Synthesis of Eu-Doped Bi2O3/CeO2 Composite with Enhanced Photocatalytic Activity by a Facile Sol–Gel–Calcination Route

Abstract

Eu-Doped Bi2O3/CeO2 composites were successfully synthesized by a facile sol–gel–calcination route. The as-prepared composites were prepared with different molar ratios of Bi/Ce/Eu by the sol–gel route, and then calcined at 500°C for 2 h. The photocatalytic efficiencies of all composites were tested by degradation of methyl orange (MO) under visible light irradiation.
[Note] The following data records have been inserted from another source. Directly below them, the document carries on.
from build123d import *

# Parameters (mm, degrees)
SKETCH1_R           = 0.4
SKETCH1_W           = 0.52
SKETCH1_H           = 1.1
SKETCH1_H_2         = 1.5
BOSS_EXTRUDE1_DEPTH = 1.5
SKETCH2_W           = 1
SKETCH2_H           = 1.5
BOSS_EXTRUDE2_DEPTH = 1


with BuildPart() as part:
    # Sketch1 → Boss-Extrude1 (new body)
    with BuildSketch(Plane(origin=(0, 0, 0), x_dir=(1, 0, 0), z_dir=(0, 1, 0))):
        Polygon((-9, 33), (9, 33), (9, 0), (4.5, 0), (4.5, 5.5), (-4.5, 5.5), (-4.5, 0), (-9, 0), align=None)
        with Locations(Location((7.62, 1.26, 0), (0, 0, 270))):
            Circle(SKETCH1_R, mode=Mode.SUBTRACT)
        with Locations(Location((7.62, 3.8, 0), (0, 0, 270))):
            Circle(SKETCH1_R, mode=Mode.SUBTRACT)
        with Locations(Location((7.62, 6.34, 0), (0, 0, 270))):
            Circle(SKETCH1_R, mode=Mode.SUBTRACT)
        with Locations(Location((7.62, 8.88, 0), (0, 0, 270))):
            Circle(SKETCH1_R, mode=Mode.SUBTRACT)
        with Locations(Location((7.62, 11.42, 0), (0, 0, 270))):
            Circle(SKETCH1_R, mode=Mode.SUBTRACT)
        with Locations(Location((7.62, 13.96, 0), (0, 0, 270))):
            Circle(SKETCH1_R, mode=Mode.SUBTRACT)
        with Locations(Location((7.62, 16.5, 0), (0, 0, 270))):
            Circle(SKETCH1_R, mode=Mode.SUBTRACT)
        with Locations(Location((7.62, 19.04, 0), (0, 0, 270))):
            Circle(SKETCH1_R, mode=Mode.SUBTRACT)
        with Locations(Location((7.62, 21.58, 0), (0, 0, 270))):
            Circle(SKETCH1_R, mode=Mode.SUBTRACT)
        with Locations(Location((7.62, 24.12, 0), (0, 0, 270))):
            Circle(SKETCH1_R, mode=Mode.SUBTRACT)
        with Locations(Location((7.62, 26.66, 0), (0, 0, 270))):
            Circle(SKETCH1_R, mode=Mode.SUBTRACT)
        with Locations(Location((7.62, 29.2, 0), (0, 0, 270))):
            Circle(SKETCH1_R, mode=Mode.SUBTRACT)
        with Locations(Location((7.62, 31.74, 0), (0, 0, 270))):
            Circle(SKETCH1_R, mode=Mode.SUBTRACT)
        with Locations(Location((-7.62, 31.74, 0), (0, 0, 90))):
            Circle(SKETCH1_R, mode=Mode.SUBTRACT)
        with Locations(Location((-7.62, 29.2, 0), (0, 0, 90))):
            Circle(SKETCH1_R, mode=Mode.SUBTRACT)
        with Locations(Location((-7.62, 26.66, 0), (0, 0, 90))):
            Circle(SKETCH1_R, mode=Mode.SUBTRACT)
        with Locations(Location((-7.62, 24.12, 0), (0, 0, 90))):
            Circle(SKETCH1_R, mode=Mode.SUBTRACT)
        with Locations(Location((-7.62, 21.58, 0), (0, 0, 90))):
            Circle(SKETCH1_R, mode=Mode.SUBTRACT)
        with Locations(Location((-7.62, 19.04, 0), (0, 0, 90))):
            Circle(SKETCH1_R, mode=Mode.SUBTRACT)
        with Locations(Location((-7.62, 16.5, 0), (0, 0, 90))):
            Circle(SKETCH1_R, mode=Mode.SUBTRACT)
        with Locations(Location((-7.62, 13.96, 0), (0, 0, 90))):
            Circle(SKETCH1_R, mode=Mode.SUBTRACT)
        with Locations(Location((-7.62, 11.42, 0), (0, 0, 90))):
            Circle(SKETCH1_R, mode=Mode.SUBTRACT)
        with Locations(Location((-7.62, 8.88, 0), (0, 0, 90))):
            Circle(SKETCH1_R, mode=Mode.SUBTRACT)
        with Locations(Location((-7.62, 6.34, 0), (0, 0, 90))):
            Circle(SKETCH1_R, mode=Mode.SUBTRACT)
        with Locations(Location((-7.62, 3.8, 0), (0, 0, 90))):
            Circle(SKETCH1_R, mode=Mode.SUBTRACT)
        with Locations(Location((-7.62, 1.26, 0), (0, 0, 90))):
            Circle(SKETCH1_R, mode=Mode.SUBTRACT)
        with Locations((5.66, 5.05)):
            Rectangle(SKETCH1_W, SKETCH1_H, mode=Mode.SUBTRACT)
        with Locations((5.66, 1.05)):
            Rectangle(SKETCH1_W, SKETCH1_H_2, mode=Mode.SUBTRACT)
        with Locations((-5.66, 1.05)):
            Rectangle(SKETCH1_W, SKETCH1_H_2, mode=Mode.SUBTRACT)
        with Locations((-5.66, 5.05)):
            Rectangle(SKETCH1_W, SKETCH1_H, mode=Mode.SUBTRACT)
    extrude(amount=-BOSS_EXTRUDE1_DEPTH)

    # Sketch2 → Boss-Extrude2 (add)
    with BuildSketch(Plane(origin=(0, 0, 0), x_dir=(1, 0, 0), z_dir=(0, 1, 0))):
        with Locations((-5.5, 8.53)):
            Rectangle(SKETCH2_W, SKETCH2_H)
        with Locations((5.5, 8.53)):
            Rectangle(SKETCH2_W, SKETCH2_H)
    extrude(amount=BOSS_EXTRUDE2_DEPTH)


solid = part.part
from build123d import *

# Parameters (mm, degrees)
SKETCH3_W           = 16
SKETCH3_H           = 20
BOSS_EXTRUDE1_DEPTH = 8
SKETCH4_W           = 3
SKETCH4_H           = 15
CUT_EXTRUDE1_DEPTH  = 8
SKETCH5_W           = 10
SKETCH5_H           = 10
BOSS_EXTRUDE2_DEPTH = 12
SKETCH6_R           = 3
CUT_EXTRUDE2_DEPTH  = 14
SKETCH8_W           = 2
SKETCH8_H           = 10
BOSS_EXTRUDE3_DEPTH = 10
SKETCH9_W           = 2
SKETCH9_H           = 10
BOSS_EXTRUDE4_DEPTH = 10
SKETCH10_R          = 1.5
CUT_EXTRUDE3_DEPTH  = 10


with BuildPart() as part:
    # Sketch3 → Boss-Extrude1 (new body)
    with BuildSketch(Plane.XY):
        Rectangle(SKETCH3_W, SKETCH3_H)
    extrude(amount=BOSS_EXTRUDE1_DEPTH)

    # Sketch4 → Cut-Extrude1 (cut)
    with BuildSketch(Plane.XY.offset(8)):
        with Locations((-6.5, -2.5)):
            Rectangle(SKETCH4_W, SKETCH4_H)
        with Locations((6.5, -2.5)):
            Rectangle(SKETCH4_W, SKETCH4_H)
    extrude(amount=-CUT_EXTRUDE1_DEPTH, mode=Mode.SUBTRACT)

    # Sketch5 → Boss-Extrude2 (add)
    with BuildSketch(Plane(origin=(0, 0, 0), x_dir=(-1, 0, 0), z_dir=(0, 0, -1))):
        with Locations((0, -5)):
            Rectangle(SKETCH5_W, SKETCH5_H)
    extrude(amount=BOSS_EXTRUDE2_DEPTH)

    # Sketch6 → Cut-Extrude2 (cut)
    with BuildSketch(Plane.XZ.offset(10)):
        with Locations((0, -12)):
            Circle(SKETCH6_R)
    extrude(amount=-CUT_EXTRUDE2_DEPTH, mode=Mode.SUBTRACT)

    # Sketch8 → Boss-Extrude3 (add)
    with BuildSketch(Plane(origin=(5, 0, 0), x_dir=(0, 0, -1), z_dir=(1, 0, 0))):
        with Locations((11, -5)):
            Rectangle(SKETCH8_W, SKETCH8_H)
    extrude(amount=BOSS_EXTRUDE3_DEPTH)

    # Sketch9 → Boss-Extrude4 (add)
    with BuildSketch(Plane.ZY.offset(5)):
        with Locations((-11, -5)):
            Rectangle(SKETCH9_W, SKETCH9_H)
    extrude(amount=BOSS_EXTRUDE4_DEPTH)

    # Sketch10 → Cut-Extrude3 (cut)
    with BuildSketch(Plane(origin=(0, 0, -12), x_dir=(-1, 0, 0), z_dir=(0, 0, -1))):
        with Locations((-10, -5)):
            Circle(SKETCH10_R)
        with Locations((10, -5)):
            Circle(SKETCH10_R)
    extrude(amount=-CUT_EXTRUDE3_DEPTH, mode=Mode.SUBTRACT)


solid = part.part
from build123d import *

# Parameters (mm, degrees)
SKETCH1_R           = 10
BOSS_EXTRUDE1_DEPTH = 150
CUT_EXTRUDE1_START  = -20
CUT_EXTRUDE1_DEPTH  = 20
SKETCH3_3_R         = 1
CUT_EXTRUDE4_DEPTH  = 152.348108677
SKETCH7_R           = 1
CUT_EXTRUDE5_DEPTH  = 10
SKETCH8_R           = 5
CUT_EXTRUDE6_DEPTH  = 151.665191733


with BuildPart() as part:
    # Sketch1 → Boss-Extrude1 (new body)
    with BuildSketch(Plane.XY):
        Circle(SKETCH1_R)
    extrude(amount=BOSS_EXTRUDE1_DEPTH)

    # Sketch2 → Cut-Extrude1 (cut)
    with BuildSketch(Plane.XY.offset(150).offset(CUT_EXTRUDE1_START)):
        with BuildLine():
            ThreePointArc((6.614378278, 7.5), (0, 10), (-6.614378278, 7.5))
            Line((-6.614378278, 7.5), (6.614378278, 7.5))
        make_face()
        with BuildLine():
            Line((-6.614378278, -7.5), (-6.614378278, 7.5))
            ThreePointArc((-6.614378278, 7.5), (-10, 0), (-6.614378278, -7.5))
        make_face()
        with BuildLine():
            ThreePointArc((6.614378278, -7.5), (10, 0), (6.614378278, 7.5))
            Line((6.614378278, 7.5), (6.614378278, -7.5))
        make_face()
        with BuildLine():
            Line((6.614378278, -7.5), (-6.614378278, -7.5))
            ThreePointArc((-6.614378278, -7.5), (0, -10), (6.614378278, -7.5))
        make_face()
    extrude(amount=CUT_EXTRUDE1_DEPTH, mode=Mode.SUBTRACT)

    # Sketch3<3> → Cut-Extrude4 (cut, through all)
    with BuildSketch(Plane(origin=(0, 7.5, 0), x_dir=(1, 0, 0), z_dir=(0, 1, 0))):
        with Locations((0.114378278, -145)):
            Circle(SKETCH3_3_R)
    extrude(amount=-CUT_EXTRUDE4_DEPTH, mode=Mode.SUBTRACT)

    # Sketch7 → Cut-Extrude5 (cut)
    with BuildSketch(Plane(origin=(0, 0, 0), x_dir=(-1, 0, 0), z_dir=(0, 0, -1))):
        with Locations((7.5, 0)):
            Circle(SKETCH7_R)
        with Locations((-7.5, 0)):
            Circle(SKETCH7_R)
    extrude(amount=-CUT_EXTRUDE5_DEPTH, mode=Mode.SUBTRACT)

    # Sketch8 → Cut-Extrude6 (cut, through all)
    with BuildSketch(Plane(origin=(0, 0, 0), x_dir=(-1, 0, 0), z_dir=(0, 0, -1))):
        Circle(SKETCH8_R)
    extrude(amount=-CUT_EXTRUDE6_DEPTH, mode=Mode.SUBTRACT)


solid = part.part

The result suggested that the best composite is the one that was prepared with a Bi/Ce/Eu mole ratio of 8 : 8 : 1, and achieved a MO degradation rate of nearly 98.5 % within 2 h of irradiation. The as-prepared composites were characterized by X-ray diffraction, scanning electron microscopy, inductively coupled plasma mass spectrometry, X-ray photoelectron spectroscopy, Fourier transform infrared spectroscopy, UV-visible diffuse reflectance spectroscopy, and photoluminescence spectroscopy. The X-ray diffraction and scanning electron microscopy results suggested that Eu doping may have led to some lattice distortion and particle aggregation that enhanced the photocatalytic activity of the photocatalyst. The UV-visible diffuse reflectance spectroscopy and photoluminescence spectroscopy results showed that Eu-doped Bi2O3/CeO2 exhibited higher visible light response properties and enhanced separation of the photogenerated electron–hole pairs, which is the main reason for the higher photocatalytic activity. In general, this study could provide a facile route to synthesize Eu-doped Bi2O3/CeO2 composites with enhanced photocatalytic activity by a sol–gel–calcination route for environmental purification.